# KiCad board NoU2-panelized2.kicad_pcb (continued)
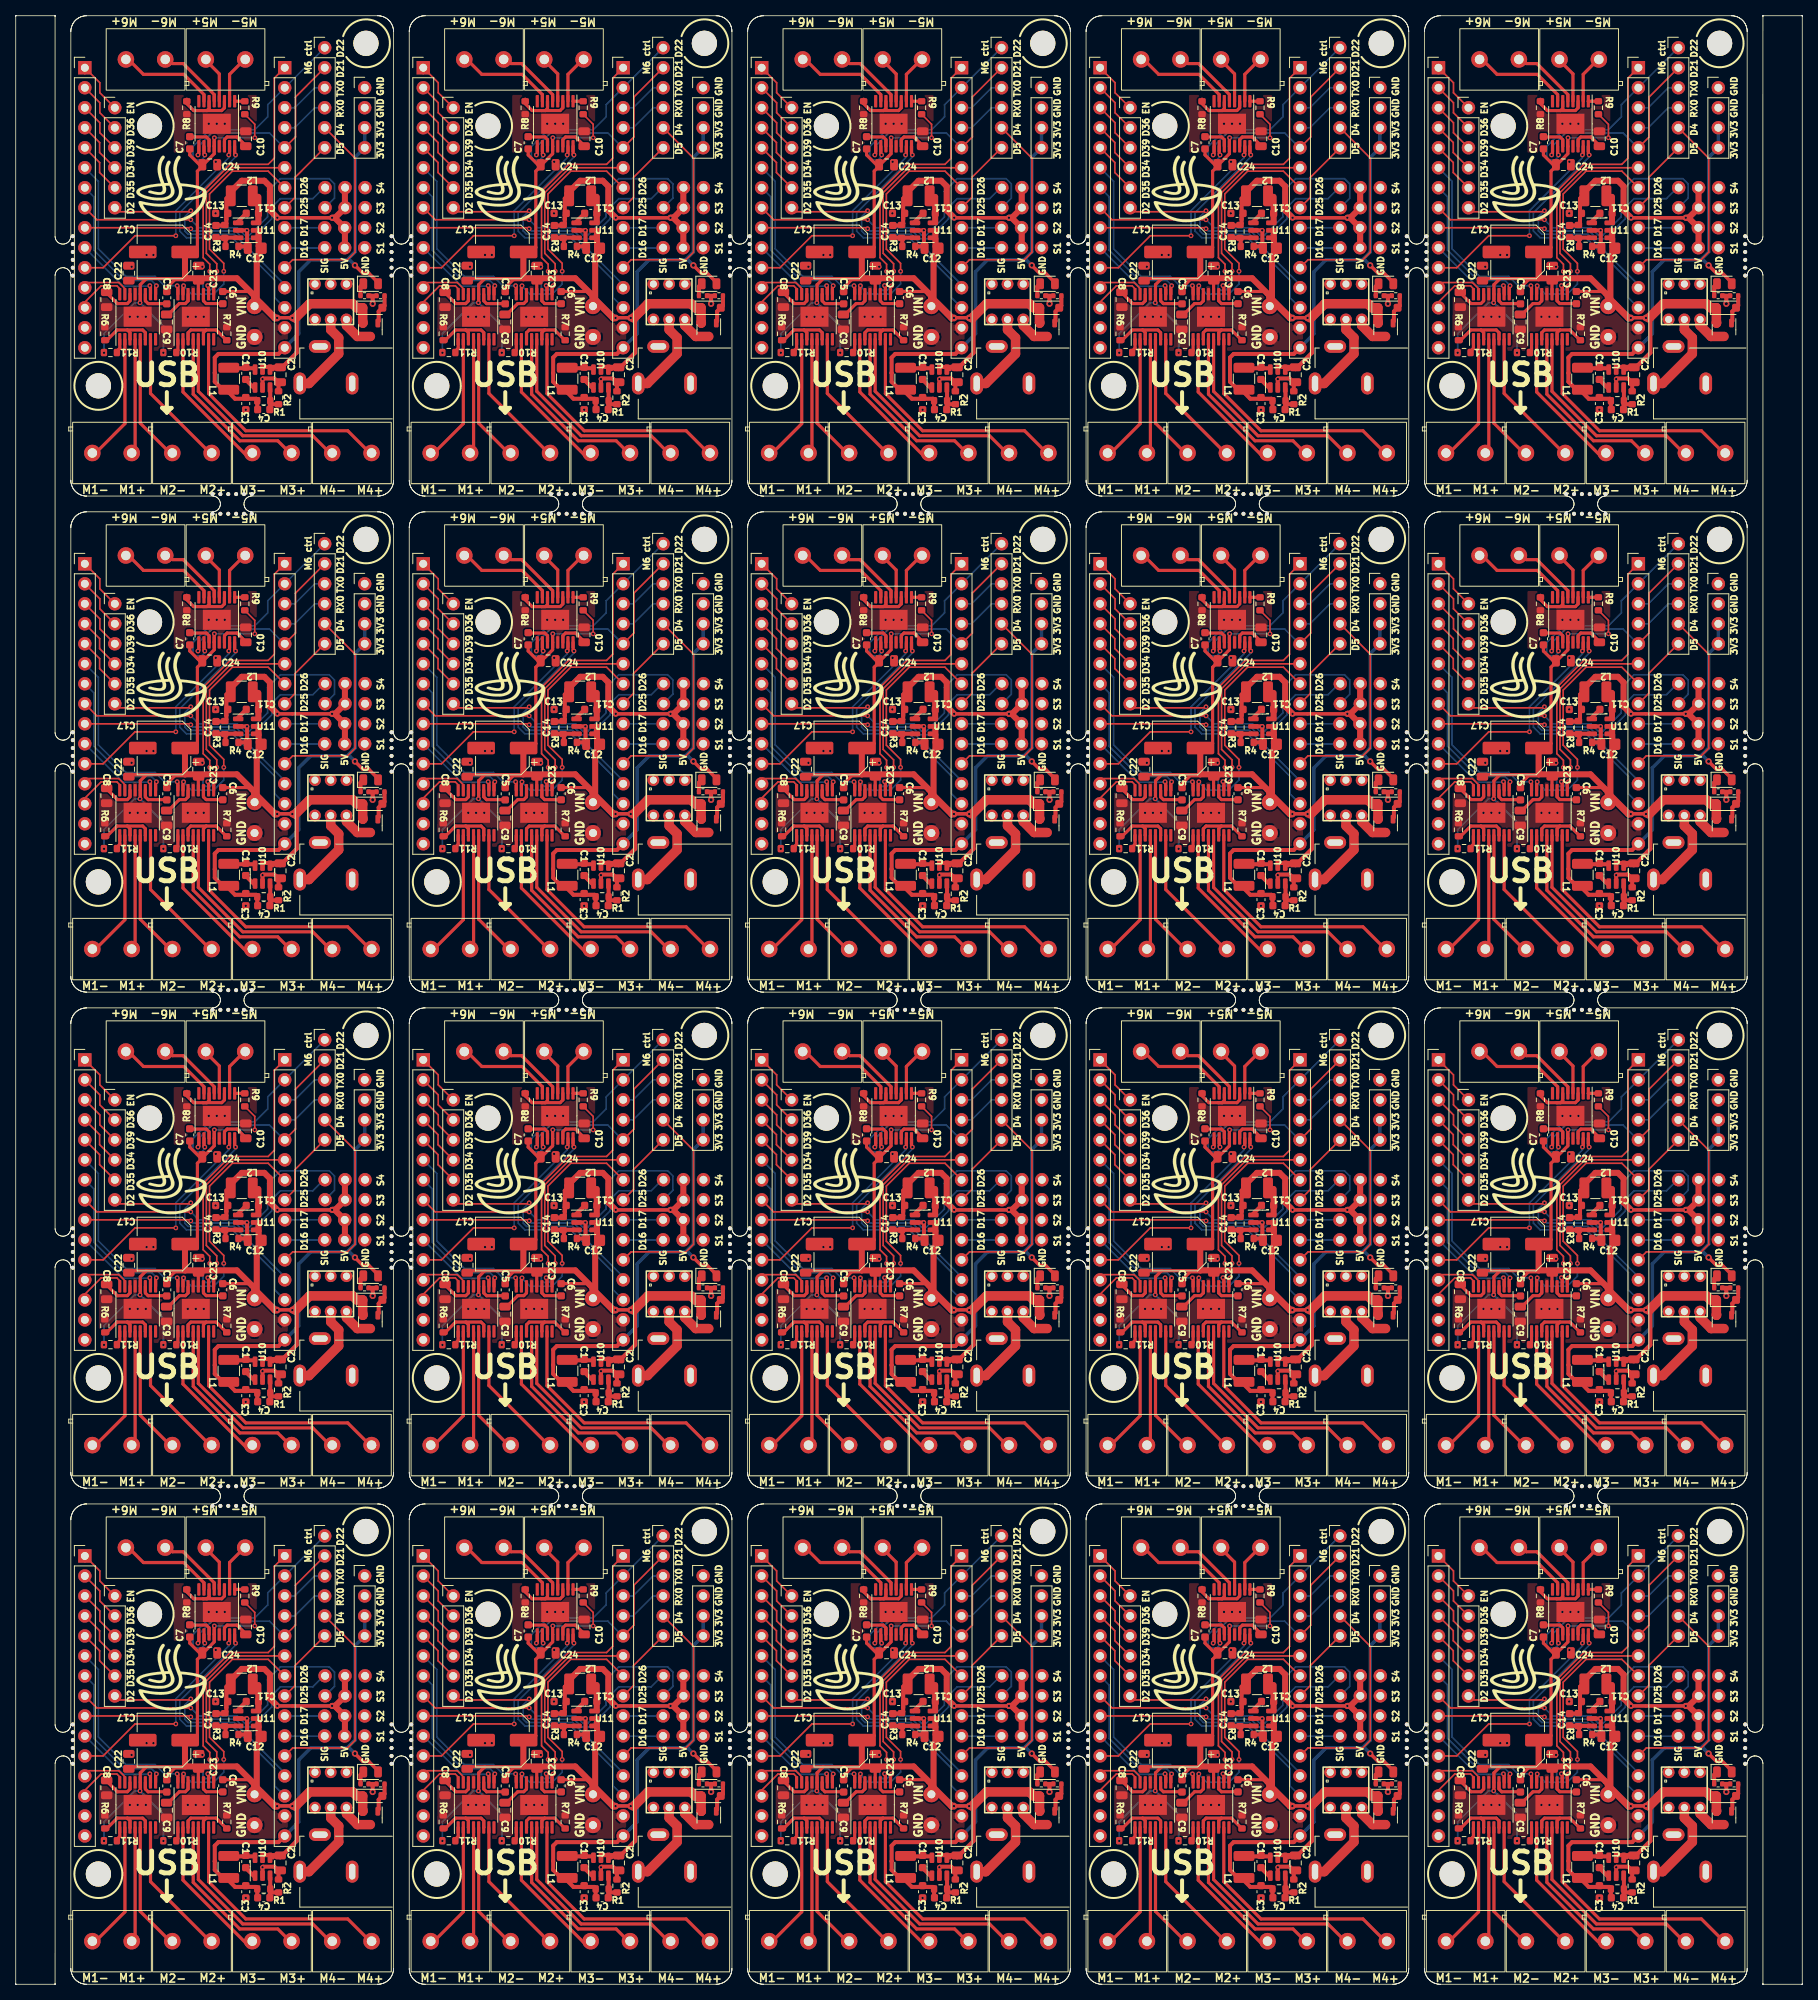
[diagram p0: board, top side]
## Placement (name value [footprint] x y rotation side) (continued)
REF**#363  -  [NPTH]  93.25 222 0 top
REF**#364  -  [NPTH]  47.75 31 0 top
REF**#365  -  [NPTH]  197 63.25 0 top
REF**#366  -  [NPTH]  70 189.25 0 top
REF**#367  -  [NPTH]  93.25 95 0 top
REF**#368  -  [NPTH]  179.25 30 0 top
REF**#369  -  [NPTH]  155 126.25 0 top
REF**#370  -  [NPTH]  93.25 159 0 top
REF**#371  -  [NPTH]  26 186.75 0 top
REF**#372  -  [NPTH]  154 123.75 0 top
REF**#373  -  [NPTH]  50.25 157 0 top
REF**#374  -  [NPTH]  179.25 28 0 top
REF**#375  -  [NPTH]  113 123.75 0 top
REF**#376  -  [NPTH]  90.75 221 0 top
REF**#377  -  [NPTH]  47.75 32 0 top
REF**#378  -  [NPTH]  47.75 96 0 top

────────────────

> Exercise brief
Read the entries and show each line that mentions "board".

> Result
# KiCad board NoU2-panelized2.kicad_pcb (continued)
[diagram p0: board, top side]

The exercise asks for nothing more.